For example, in a system where the PTR comprises a GSM
communication module, a message to the PTR may carry the command to
change reporting rate, operating envelope parameters, or other
settings. A security filter may reject commands that do not come
from a predetermined telephone number, or that lack a predetermined
password or other authentication key. The change may be
accomplished by adjusting a parameter of the reporting-budget
process.
[0031] In some embodiments, the system may provide new or different
"acceptable envelope" parameters to the PTR through the
communication channel. For example, a child-tracking application
may provide a parent with the ability to change the boundaries of
the expected geographic range so that the child can participate in
a field trip without triggering a "child abducted" exigent
circumstance. Or the report value can be adjusted on an ad-hoc
basis to reduce the report rate and save battery power if a
shipment tracked by the PTR is expected to be delayed for a time at
a warehouse.
[0032] In some embodiments, a programmatic interface may be
provided to permit automatic processes (rather than human
operators) to examine data from the PTR or to change the PTR's
functional parameters.
[0033] Following is a non-exclusive list of conditions that may be
detected or acted upon by a PTR according to an embodiment of the
invention: [0034] PTR exceeds a threshold altitude [0035] PTR
exceeds a threshold velocity [0036] PTR experiences an altitude
change exceeding a threshold [0037] PTR enters a bounded geographic
area [0038] PTR leaves a bounded geographic area [0039] PTR has not
made a successful report for longer than a threshold time [0040]
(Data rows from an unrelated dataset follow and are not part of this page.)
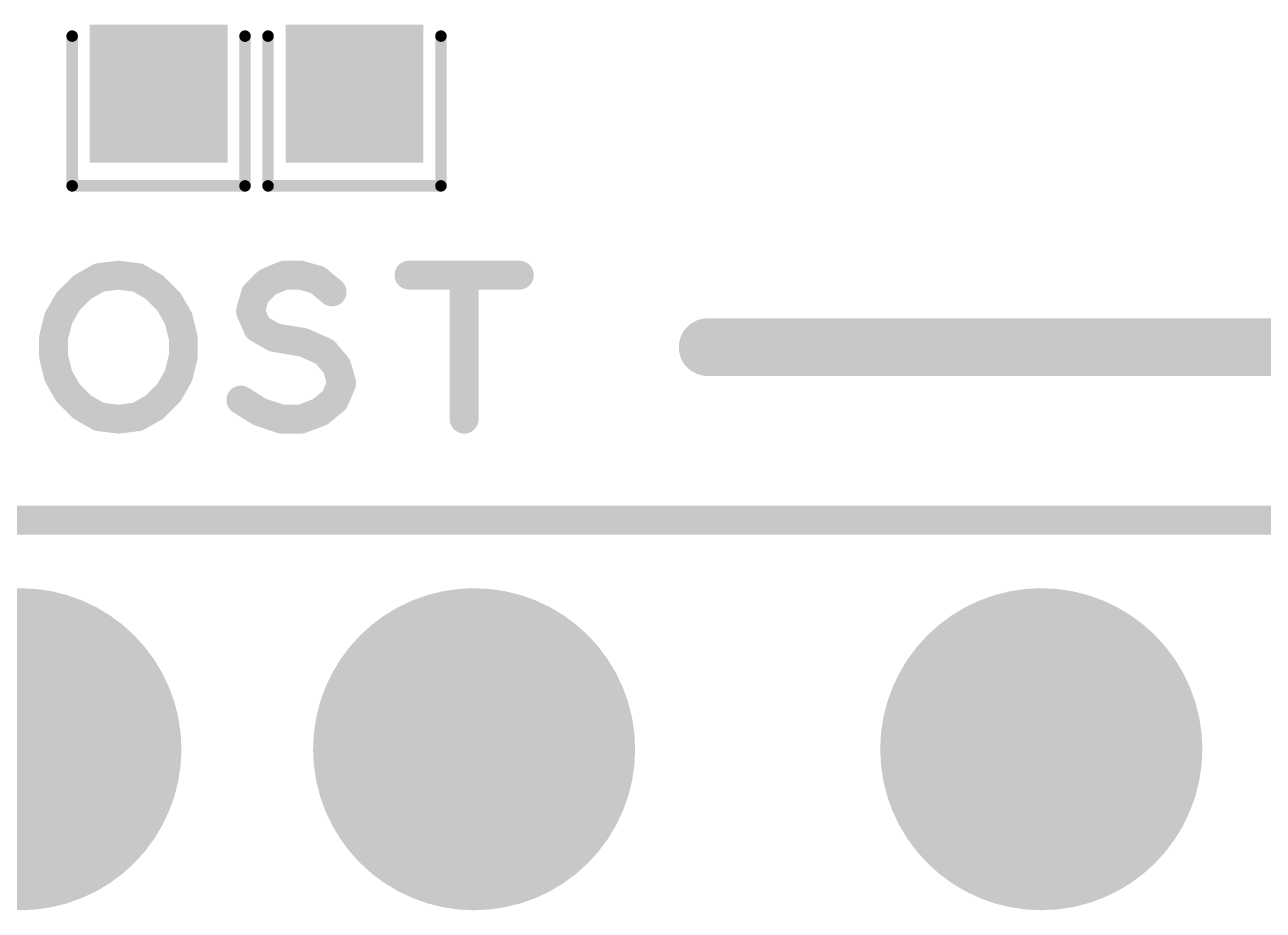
# Model space of a CAD drawing. Extents: x -12 to 107, y 8 to 106.
# Drawn here: x 10 to 15.46, y 22.13 to 26.03 of the extents above; entities that cross this region are included whole.
import ezdxf

# ---------------------------------------------------------------- set-up
doc = ezdxf.new("R2010")
doc.units = 0
doc.header["$MEASUREMENT"] = 0
doc.layers.get('0').update_dxf_attribs({"linetype": 'CONTINUOUS'})
doc.layers.add('SILK_TOP_ART', color=251, linetype='CONTINUOUS', true_color=0x636466)
doc.layers.add('SOLDER_TOP_ART', color=18, linetype='CONTINUOUS', true_color=0x000000)

# ---------------------------------------------------------------- blocks, each defined once
blk = doc.blocks.new('ROUND_162')
at = {"const_width": 0.0635}
blk.add_lwpolyline([(-0.03175, 0, 1), (0.03175, 0, 1)], format="xyb", close=True, dxfattribs=at)
blk = doc.blocks.new('ROUND_278')
at = {"const_width": 0.127}
blk.add_lwpolyline([(-0.0635, 0, 1), (0.0635, 0, 1)], format="xyb", close=True, dxfattribs=at)
blk = doc.blocks.new('ROUND_320')
at = {"const_width": 0.0254}
blk.add_lwpolyline([(-0.0127, 0, 1), (0.0127, 0, 1)], format="xyb", close=True, dxfattribs=at)
blk = doc.blocks.new('SQUARE_332')
blk.add_solid([(0.304, 0.304), (0.304, -0.304), (-0.304, 0.304), (-0.304, -0.304)])
blk = doc.blocks.new('ROUND_372')
at = {"const_width": 0.71}
blk.add_lwpolyline([(-0.355, 0, 1), (0.355, 0, 1)], format="xyb", close=True, dxfattribs=at)

msp = doc.modelspace()

# ---------------------------------------------------------------- linework, layer by layer
at = {"layer": 'SILK_TOP_ART'}
for points, const_width in [([(10.21, 25.9842), (10.21, 25.3238)], 0.0508), ([(10.972, 25.3238), (10.972, 25.9842)], 0.0508), ([(11.0736, 25.9842), (11.0736, 25.3238)], 0.0508), ([(11.8356, 25.3238), (11.8356, 25.9842)], 0.0508), ([(10.21, 25.3238), (10.972, 25.3238)], 0.0508), ([(11.0736, 25.3238), (11.8356, 25.3238)], 0.0508), ([(10.2553, 24.8772), (10.3293, 24.9195)], 0.127), ([(10.3293, 24.9195), (10.414, 24.9301)], 0.127), ([(10.414, 24.9301), (10.4987, 24.9195)], 0.127), ([(10.4987, 24.9195), (10.5727, 24.8772)], 0.127), ([(11.0173, 24.8454), (11.0702, 24.8983)], 0.127), ([(11.0702, 24.8983), (11.1442, 24.9301)], 0.127), ([(11.1442, 24.9301), (11.2183, 24.9301)], 0.127), ([(11.2183, 24.9301), (11.2924, 24.9089)], 0.127), ([(11.2924, 24.9089), (11.3559, 24.856)], 0.127), ([(11.6946, 24.9301), (12.1814, 24.9301)], 0.127), ([(11.938, 24.9301), (11.938, 24.2951)], 0.127), ([(10.1917, 24.8137), (10.2553, 24.8772)], 0.127), ([(10.5727, 24.8772), (10.6363, 24.8137)], 0.127), ([(10.9961, 24.7713), (11.0173, 24.8454)], 0.127), ([(10.1494, 24.7396), (10.1917, 24.8137)], 0.127), ([(10.6363, 24.8137), (10.6786, 24.7396)], 0.127), ([(10.1282, 24.6549), (10.1494, 24.7396)], 0.127), ([(10.6786, 24.7396), (10.6998, 24.6549)], 0.127), ([(11.0278, 24.6973), (10.9961, 24.7713)], 0.127), ([(11.1019, 24.6549), (11.0278, 24.6973)], 0.127), ([(18.1801, 24.6126), (13.0112, 24.6126)], 0.254), ([(10.1282, 24.5703), (10.1282, 24.6549)], 0.127), ([(10.6998, 24.6549), (10.6998, 24.5703)], 0.127), ([(11.2289, 24.6338), (11.1019, 24.6549)], 0.127), ([(11.3242, 24.5914), (11.2289, 24.6338)], 0.127), ([(10.1494, 24.4856), (10.1282, 24.5703)], 0.127), ([(10.6998, 24.5703), (10.6786, 24.4856)], 0.127), ([(11.3771, 24.5279), (11.3242, 24.5914)], 0.127), ([(11.3983, 24.4539), (11.3771, 24.5279)], 0.127), ([(10.1917, 24.4115), (10.1494, 24.4856)], 0.127), ([(10.6786, 24.4856), (10.6363, 24.4115)], 0.127), ([(11.3665, 24.3797), (11.3983, 24.4539)], 0.127), ([(10.2553, 24.348), (10.1917, 24.4115)], 0.127), ([(10.6363, 24.4115), (10.5727, 24.348)], 0.127), ([(10.3293, 24.3057), (10.2553, 24.348)], 0.127), ([(10.5727, 24.348), (10.4987, 24.3057)], 0.127), ([(10.9537, 24.3797), (11.0384, 24.3268)], 0.127), ([(11.303, 24.3268), (11.3665, 24.3797)], 0.127), ([(10.414, 24.2951), (10.3293, 24.3057)], 0.127), ([(10.4987, 24.3057), (10.414, 24.2951)], 0.127), ([(11.0384, 24.3268), (11.1337, 24.2951)], 0.127), ([(11.1337, 24.2951), (11.2183, 24.2951)], 0.127), ([(11.2183, 24.2951), (11.303, 24.3268)], 0.127), ([(4.4168, 23.8499), (17.5468, 23.8499)], 0.127)]:
    msp.add_lwpolyline(points, dxfattribs=dict(at, const_width=const_width))

# ---------------------------------------------------------------- block references
for name, p in [('ROUND_320', (10.21, 25.9842)), ('ROUND_320', (10.972, 25.9842)), ('ROUND_320', (11.0736, 25.9842)), ('ROUND_320', (11.8356, 25.9842)), ('ROUND_320', (10.21, 25.3238)), ('ROUND_320', (10.21, 25.3238)), ('ROUND_320', (10.972, 25.3238)), ('ROUND_320', (10.972, 25.3238)), ('ROUND_320', (11.0736, 25.3238)), ('ROUND_320', (11.0736, 25.3238)), ('ROUND_320', (11.8356, 25.3238)), ('ROUND_320', (11.8356, 25.3238)), ('ROUND_162', (10.3293, 24.9195)), ('ROUND_162', (10.414, 24.9301)), ('ROUND_162', (10.4987, 24.9195)), ('ROUND_162', (11.0702, 24.8983)), ('ROUND_162', (11.1442, 24.9301)), ('ROUND_162', (11.2183, 24.9301)), ('ROUND_162', (11.2924, 24.9089)), ('ROUND_162', (11.6946, 24.9301)), ('ROUND_162', (11.938, 24.9301)), ('ROUND_162', (12.1814, 24.9301)), ('ROUND_162', (10.2553, 24.8772)), ('ROUND_162', (10.5727, 24.8772)), ('ROUND_162', (11.0173, 24.8454)), ('ROUND_162', (11.3559, 24.856)), ('ROUND_162', (10.1917, 24.8137)), ('ROUND_162', (10.6363, 24.8137)), ('ROUND_162', (10.1494, 24.7396)), ('ROUND_162', (10.6786, 24.7396)), ('ROUND_162', (10.9961, 24.7713)), ('ROUND_162', (11.0278, 24.6973)), ('ROUND_278', (13.0112, 24.6126)), ('ROUND_162', (10.1282, 24.6549)), ('ROUND_162', (10.6998, 24.6549)), ('ROUND_162', (11.1019, 24.6549)), ('ROUND_162', (11.2289, 24.6338)), ('ROUND_162', (10.1282, 24.5703)), ('ROUND_162', (10.6998, 24.5703)), ('ROUND_162', (11.3242, 24.5914)), ('ROUND_162', (11.3771, 24.5279)), ('ROUND_162', (10.1494, 24.4856)), ('ROUND_162', (10.6786, 24.4856)), ('ROUND_162', (11.3983, 24.4539)), ('ROUND_162', (10.1917, 24.4115)), ('ROUND_162', (10.6363, 24.4115)), ('ROUND_162', (10.2553, 24.348)), ('ROUND_162', (10.5727, 24.348)), ('ROUND_162', (10.9537, 24.3797)), ('ROUND_162', (11.3665, 24.3797)), ('ROUND_162', (10.3293, 24.3057)), ('ROUND_162', (10.414, 24.2951)), ('ROUND_162', (10.414, 24.2951)), ('ROUND_162', (10.4987, 24.3057)), ('ROUND_162', (11.0384, 24.3268)), ('ROUND_162', (11.1337, 24.2951)), ('ROUND_162', (11.2183, 24.2951)), ('ROUND_162', (11.303, 24.3268)), ('ROUND_162', (11.938, 24.2951))]:
    msp.add_blockref(name, p, dxfattribs=at)
at = {"layer": 'SOLDER_TOP_ART'}
for name, p in [('SQUARE_332', (10.591, 25.7302)), ('SQUARE_332', (11.4546, 25.7302)), ('ROUND_372', (9.9818, 22.8399)), ('ROUND_372', (11.9818, 22.8399)), ('ROUND_372', (14.4818, 22.8399))]:
    msp.add_blockref(name, p, dxfattribs=at)

doc.saveas('drawing.dxf')

PTR has moved more than a threshold distance since the last
successful report [0041] PTR receives data from an external sensor
that is outside a configured acceptable range [0042] PTR
communicates with medical sensors for reading the health
information of a subject (e.g., heart rate, respiration,
temperature, blood sugar) and recognizes that the reading is
outside a configured acceptable range [0043] PTR loses
communication with an external sensor [0044] PTR actuator (e.g.,
button) is operated [0045] PTR establishes a connection with a
wireless network [0046] PTR detects a low-battery condition [0047]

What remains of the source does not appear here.